**WORK TASK**. Would you print the records below from the first line through the line containing "49.459L324.716 266.124L138.463 385.844L21.8", skipping the pictures?

[Extracted records]
++++++

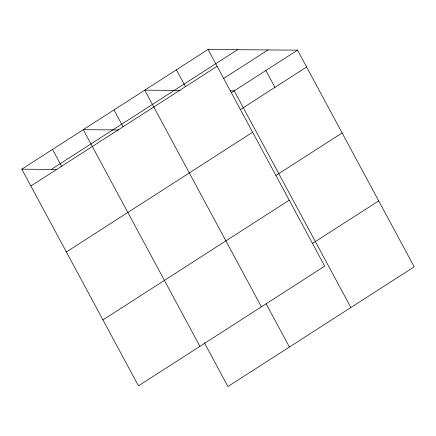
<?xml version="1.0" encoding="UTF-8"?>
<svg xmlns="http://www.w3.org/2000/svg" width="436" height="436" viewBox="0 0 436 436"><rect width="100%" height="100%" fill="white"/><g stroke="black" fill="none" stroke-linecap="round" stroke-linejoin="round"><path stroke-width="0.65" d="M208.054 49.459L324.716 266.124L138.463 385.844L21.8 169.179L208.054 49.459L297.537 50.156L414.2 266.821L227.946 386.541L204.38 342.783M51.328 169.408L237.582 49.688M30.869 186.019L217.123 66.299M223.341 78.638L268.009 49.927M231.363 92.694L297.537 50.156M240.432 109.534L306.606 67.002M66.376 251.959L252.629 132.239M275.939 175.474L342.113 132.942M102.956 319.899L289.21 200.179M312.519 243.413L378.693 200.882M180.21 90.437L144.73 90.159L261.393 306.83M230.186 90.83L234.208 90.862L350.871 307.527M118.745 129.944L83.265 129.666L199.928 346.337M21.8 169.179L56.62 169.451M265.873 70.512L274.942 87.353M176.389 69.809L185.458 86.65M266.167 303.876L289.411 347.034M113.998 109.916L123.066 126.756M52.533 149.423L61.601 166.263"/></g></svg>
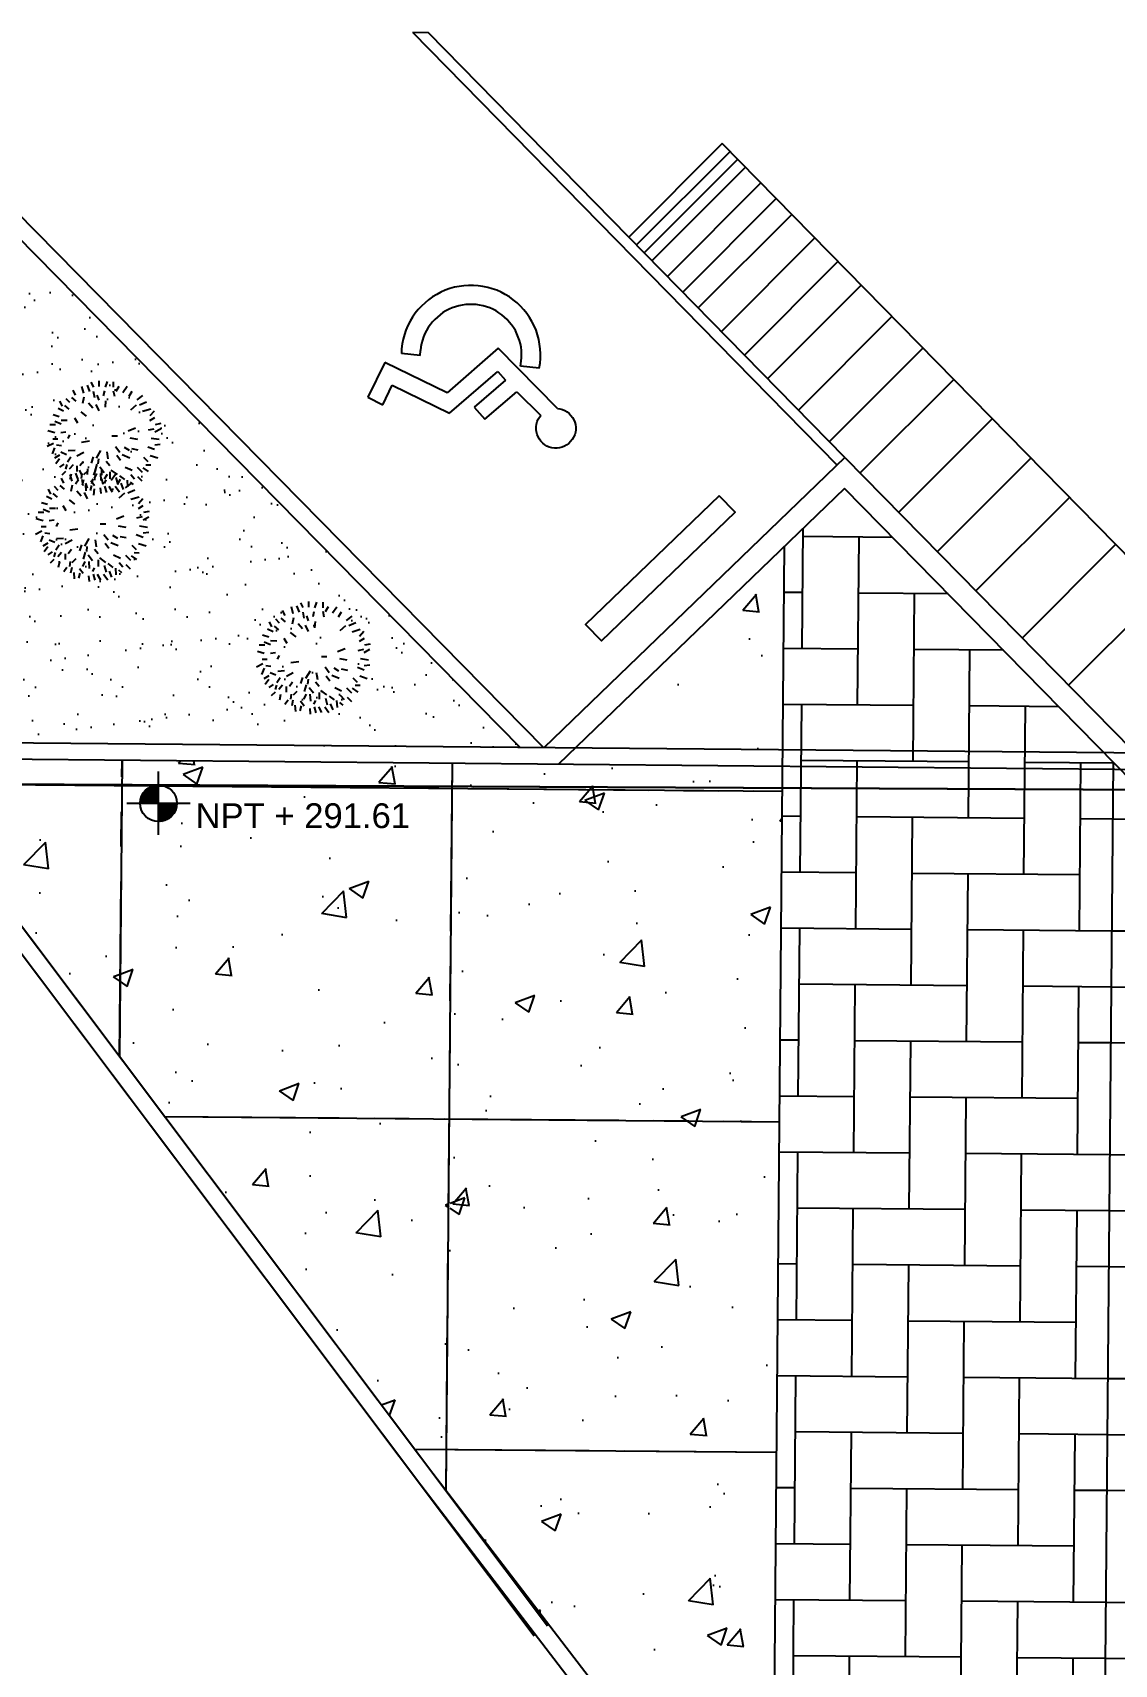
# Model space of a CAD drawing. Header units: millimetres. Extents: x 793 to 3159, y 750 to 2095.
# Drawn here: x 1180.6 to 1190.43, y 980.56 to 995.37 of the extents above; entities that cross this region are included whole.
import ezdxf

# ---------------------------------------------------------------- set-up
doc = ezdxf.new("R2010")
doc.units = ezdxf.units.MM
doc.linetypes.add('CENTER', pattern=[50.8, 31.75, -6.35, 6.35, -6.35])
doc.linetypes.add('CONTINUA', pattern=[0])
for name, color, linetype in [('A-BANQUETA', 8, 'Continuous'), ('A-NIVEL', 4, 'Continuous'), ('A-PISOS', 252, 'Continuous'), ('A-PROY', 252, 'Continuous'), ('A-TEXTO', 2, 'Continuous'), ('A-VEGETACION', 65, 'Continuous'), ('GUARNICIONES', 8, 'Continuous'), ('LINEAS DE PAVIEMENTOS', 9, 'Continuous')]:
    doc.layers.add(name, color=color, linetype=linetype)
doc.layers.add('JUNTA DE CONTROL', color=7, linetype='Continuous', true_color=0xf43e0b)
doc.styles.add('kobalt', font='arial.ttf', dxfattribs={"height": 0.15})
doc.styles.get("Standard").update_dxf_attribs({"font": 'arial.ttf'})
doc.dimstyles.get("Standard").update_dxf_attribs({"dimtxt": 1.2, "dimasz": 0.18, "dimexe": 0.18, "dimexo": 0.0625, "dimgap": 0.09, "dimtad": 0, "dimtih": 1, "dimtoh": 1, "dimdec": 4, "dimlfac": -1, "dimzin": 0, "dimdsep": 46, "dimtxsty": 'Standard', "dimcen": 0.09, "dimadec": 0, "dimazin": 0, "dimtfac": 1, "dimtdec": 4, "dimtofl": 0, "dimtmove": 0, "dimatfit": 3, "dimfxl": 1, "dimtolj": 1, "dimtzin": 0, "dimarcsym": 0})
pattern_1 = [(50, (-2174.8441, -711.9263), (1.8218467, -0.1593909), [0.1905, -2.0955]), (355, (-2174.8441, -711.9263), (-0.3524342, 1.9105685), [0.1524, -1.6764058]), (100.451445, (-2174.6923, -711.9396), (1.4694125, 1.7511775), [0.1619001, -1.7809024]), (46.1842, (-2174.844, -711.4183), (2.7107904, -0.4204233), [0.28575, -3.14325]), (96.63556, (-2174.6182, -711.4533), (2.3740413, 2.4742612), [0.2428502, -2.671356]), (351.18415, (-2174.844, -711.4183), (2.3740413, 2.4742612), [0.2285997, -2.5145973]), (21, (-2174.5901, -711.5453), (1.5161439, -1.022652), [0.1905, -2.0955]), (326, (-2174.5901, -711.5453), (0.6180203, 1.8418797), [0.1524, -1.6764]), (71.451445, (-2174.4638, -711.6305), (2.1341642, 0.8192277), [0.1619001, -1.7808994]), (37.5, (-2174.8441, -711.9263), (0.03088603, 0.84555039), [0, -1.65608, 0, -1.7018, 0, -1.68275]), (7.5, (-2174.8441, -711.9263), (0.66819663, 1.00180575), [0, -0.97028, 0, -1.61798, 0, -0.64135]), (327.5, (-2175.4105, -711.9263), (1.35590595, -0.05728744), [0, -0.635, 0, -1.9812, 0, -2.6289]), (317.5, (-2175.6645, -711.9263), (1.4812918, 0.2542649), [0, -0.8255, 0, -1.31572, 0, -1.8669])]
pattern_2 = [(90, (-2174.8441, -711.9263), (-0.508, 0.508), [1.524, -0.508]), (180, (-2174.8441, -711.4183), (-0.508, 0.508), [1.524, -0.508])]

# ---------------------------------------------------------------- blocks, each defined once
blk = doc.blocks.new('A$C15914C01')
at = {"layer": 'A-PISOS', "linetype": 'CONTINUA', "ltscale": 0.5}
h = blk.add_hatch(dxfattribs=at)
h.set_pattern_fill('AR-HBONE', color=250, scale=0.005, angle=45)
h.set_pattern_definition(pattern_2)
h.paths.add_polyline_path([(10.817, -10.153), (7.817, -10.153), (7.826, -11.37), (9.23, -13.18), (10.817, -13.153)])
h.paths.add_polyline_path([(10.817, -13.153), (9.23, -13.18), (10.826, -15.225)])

++++++

**SOLUTION TO THE EXERCISE**.
<?xml version="1.0" encoding="UTF-8"?>
<svg xmlns="http://www.w3.org/2000/svg" width="436" height="436" viewBox="0 0 436 436"><rect width="100%" height="100%" fill="white"/><g stroke="black" fill="none" stroke-linecap="round" stroke-linejoin="round"><path stroke-width="0.65" d="M208.054 49.459L324.716 266.124L138.463 385.844L21.8 169.179L208.054 49.459L297.537 50.156L414.2 266.821L227.946 386.541L204.38 342.783M51.328 169.408L237.582 49.688M30.869 186.019L217.123 66.299M223.341 78.638L268.009 49.927M231.363 92.694L297.537 50.156M240.432 109.534L306.606 67.002M66.376 251.959L252.629 132.239M275.939 175.474L342.113 132.942M102.956 319.899L289.21 200.179M312.519 243.413L378.693 200.882M180.21 90.437L144.73 90.159L261.393 306.83M230.186 90.83L234.208 90.862L350.871 307.527M118.745 129.944L83.265 129.666L199.928 346.337M21.8 169.179L56.62 169.451M265.873 70.512L274.942 87.353M176.389 69.809L185.458 86.65M266.167 303.876L289.411 347.034M113.998 109.916L123.066 126.756M52.533 149.423L61.601 166.263"/></g></svg>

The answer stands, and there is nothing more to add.